Membincang ketahanan nasional sama halnya membincang ketahanan pangan. Dan
mas ian (sapaan akrab kusyana) mengajak kita melilihat
realitas sekarang. Di
Indonesia produktivitas padi sangat menurun,
air yang disediakan langsung oleh alam, sudah
menjadi komoditas oleh kelompok-kelompok tertentu. Paradigma yang digunakan
pemerintah dalam melayani rakyat mirip dengan paradigma pedagang. Yap,
mengutamakan untung rugi. Pemerintah mengijinkan air dikelola oleh para pemilik
modal, yang kemudian ketika rakyat ingin mengonsumsinya, harus membeli pada
para pengelola tersebut. Ini baru dari konteks air, sudah terlihat jelas bahwa
disini pemerintah saja selingkuh dengan para pemilik modal. Jadi, bagaimana
rakyat mau mati-matian bela negara kalau dia merasa dihianati oleh
pemerintahnya sendiri.
Aidris Saputro sebagai pemapar materi ketiga menyampaikan
pendapatnya bahwa tujuan PKBN yang baik itu sebenarnya bisa saja dilaksanakan. akan
tetapi, hal itu jangan serta merta diwajibkan untuk seluruh rakyat (universal). Ketika individu atau golongan
yang terindikasi nasinolismenya rendah,
mungkin bisa diwajibkan untuk mengikuti
pendidikan tersebut. dikarantina dan digembleng sedemikian rupa agar cinta
tanah airnya meningkat.
Akan menjadi sia-sia dan buang-buang biaya ketika
kelompok atau golongan yang nasionalismenya sudah jelas tinggi kok masih diwajibkan mengikuti
Pendidikan tersebut. dengan sedikit mau menghitug
saja, sudah tampak jelas betapa besar anggaran yang diperlukan untuk program
ini. Tinggal mengalikan saja biaya hidup 1 orang selama 1 tahun dengan 100juta
kader bela negara. Jumlah yang sangat fantastis. Jika dana tersebut memang ada
lebih baik dialirkan saja untuk pendidikan, kesehatan, konservasi alam, dsb.

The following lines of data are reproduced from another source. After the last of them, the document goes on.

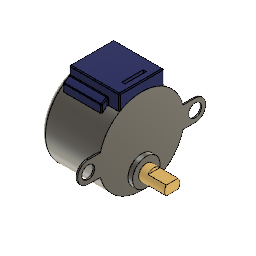
Stepper_Motor_28BYJ-48_v2 (Autodesk Fusion 360 design; units mm, degrees)
Autodesk Fusion 360 part; units mm, degrees
sketch "Layout" plane through (0, 0, 0) normal (1, 0, 0) x (0, 1, 0)
  circle A0 centre (0, 0) radius 14
  circle A1 centre (-17.5, 0) radius 2.1
  line L0 (-29.5, 0) -> (0, 0) construction
  line L1 (-7.3, 17) -> (7.3, 17)
  line L2 (0, 1.75) -> (0, 22.5) construction
  line L3 (-7.3, 17) -> (-7.3, 11.9461)
  line L4 (-13.5554, 3.5) -> (-17.5, 3.5)
  arc A2 (-17.5, 3.5) -> (-17.5, -3.5) centre (-17.5, 0) ccw
  line L5 (-17.5, -3.5) -> (-13.5554, -3.5)
  line L6 (13.5554, 3.5) -> (17.5, 3.5)
  line L7 (17.5, -3.5) -> (13.5554, -3.5)
  arc A3 (17.5, -3.5) -> (17.5, 3.5) centre (17.5, 0) ccw
  circle A4 centre (17.5, 0) radius 2.1
  line L8 (7.3, 17) -> (7.3, 11.9461)
  circle A5 centre (0, -8) radius 4.5
  circle A6 centre (0, -8) radius 2.5
  line L9 (-1.9615, -6.45) -> (1.9615, -6.45)
  line L10 (-1.9615, -9.55) -> (1.9615, -9.55)
  arc A7 (-7.2055, 14.2857) -> (-9.3, 13.0196) centre (0, 0) ccw
  line L11 (-9.3, 13.0196) -> (-9.3, 10.4647)
  line L12 (9.3, 13.0196) -> (9.3, 10.4647)
  arc A8 (9.3, 13.0196) -> (7.2055, 14.2857) centre (0, 0) ccw
  point P0 (0, 17)
  dimension "d1" = 28
  dimension "d2" = 4.2
  dimension "d3" = 17.5
  dimension "d4" = 14.6
  dimension "d5" = 17
  dimension "d6" = 3.5
  dimension "d8" = 9
  dimension "d9" = 5
  dimension "d10" = 1.55
  dimension "d11" = 1.55
  dimension "d12" = 8
  dimension "d13" = 2
  dimension "d14" = 2
  constraint coincident A0.centre L0.end
  constraint horizontal L0
  constraint coincident A1.centre L0
  constraint horizontal L1
  constraint midpoint L1 P0
  constraint coincident P0 L2
  constraint coincident A0 L3.end
  constraint perpendicular L1 L3
  constraint coincident A0 L4.start
  constraint horizontal L4
  constraint vertical A1.centre L4.end
  constraint coincident A1.centre A2.centre
  constraint coincident A0 L5.end
  constraint tangent A2 L5
  constraint horizontal L5
  constraint symmetric A1 L2 A4
  constraint symmetric L1.start L2 L1.end
  constraint symmetric L2 L3.end L8.end
  constraint symmetric L2 L4.start L6.start
  constraint symmetric L2 L4.end L6.end
  constraint symmetric L2 A2.end L7.start
  constraint symmetric L2 A2 A3
  constraint symmetric L2 L5.end L7.end
  constraint coincident L2 A5.centre
  constraint concentric A5 A6
  constraint coincident A6 L9.start
  constraint coincident A6 L9.end
  constraint horizontal L9
  constraint coincident A6 L10.start
  constraint coincident A6 L10.end
  constraint horizontal L10
  constraint coincident A0 L11.end
  constraint vertical L11
  constraint symmetric L2 A7.start A8.end
  constraint symmetric L2 A7.end L12.start
  constraint symmetric L2 A7 A8
  constraint symmetric L2 L11.end L12.end
  measures "d1" diameter of A0
  measures "d2" diameter of A1
  measures "d3" distance of A0.centre A1.centre
  measures "d4" distance of L1.start L1.end
  measures "d5" distance of A0.centre L1
  measures "d6" radius of A2
  measures "d8" diameter of A5
  measures "d9" diameter of A6
  measures "d10" distance of A5.centre L9
  measures "d11" distance of A5.centre L10
  measures "d12" distance of A0.centre A5.centre
  measures "d13" distance of A0 A7
  measures "d14" distance of L3 L11
extrude "Extrude1" add sketch "Layout" against normal blind 19 contours A0 | A5 | A6 L9 L10 | A6 L9 | A6 L10 makes body 1
extrude "Extrude2" add sketch "Layout" against normal blind 0.5 contours A0 L6 L7 A3 | A0 L4 A2 L5 bodies 1
extrude "Extrude3" add sketch "Layout" along normal blind 1.5 contours A5 bodies 1
extrude "Extrude4" add sketch "Layout" along normal blind 10 separate body contours A6 L9 L10 makes body 2
extrude "Extrude5" add sketch "Layout" along normal blind 4 contours A6 L9 | A6 L10 bodies 2
extrude "Extrude6" add sketch "Layout" against normal blind 16.5 separate body contours A0 L8 L12 A8 | A0 L1 L3 L8 | A0 L3 A7 L11 makes body 3
extrude "Extrude7" cut sketch "Layout" against normal blind 3.8 contours A0 L8 L12 A8 | A0 L3 A7 L11 bodies 3
sketch "Wire Entry" plane through (0, 0, 17) normal (0, 0, 1) x (-1, 0, 0)
  line L0 (0, 7.3) -> (0, -7.3)
  line L1 (0, -7.3) -> (16.5, -7.3)
  line L2 (16.5, -7.3) -> (16.5, 7.3)
  line L3 (16.5, 7.3) -> (0, 7.3)
  line L4 (3, -3.5) -> (2, -3.5)
  line L5 (2, -3.5) -> (2, 3.5)
  line L6 (2, 3.5) -> (3, 3.5)
  line L7 (3, 3.5) -> (3, -3.5)
  line L8 (0, 7.3) -> (0, -7.3)
  line L9 (-1.75, 0) -> (-22.5, 0)
  point P0 (2, 0)
  dimension "d29" = 7
  dimension "d30" = 1
  dimension "d31" = 2
  constraint horizontal L4
  constraint vertical L5
  constraint horizontal L6
  constraint vertical L7
  constraint midpoint L5 P0
  constraint coincident P0 L9
  measures "d29" distance of L4.start L6.end
  measures "d30" distance of L5.end L6.end
  measures "d31" distance of L5 L8
extrude "Extrude8" cut sketch "Wire Entry" along normal up to surface contours L4 L5 L6 L7 end surface at (-12.6667, 0, 14) on bodies 1 bodies 3
fillet "Fillet1" radius 0.3 22 edges at (-8.25, 7.3, 17) (0, 7.3, 14.4731) (0, 0, 17) (0, -7.3, 14.4731) (-8.25, -7.3, 17) (-16.5, 0, 17) (-10.15, 9.3, 13.0196) (-3.8, 8.3223, 13.6653) (-16.5, 8.3223, 13.6653) (-3.8, 9.3, 11.7422) (-16.5, 9.3, 11.7422) (-3.8, 7.3, 13.0919) (-10.15, 7.3, 14.2376) (-16.5, 7.3, 15.6188) (-16.5, -7.3, 15.6188) (-16.5, -8.3223, 13.6653) (-16.5, -9.3, 11.7422) (-10.15, -9.3, 13.0196) (-10.15, -7.3, 14.2376) (-3.8, -8.3223, 13.6653) (-3.8, -9.3, 11.7422) (-3.8, -7.3, 13.0919) on bodies 3
fillet "Fillet2" radius 1.5 1 edges at (-19, -13.0526, 5.0626) on bodies 1
copy_body "CopyPasteBodies1" bodies 1 3 2 makes body 4 makes body 5 makes body 6 in component "Motor Assembly"
component "Motor Assembly" placed x (1, 0, 0) y (0, 1, 0) z (0, 0, 1) at (0, 0, 0)
equation "d3 = ( 35 / 2 ) * 1 mm"
equation "d10 = ( 3.1 / 2 ) * 1 mm"
equation "d11 = d10"
named bodies: "Motor Body", "Shaft", "Cap"

Karena hal tersebut jauh dibutuhkan rakyat saat ini.
Diskusi ini ditutup dengan pesan bahwa kita (peserta
diskusi) sebagai generasi muda dan mahasiswa, sudah sepatutnya mengkritisi
apa-apa yang dilakukan oleh pemerintah. Salah satunya dengan berdiskusi untuk
menyikapi wacana ini. Langkah selanjutnya mungkin bisa melalui tulisan-tulisan
kritis agar masyarakat banyak tahu bagaimana seharusnya kita semua bersikap.
Kalau bukan kita siapa lagi, kalau bukan sekarang kapan lagi.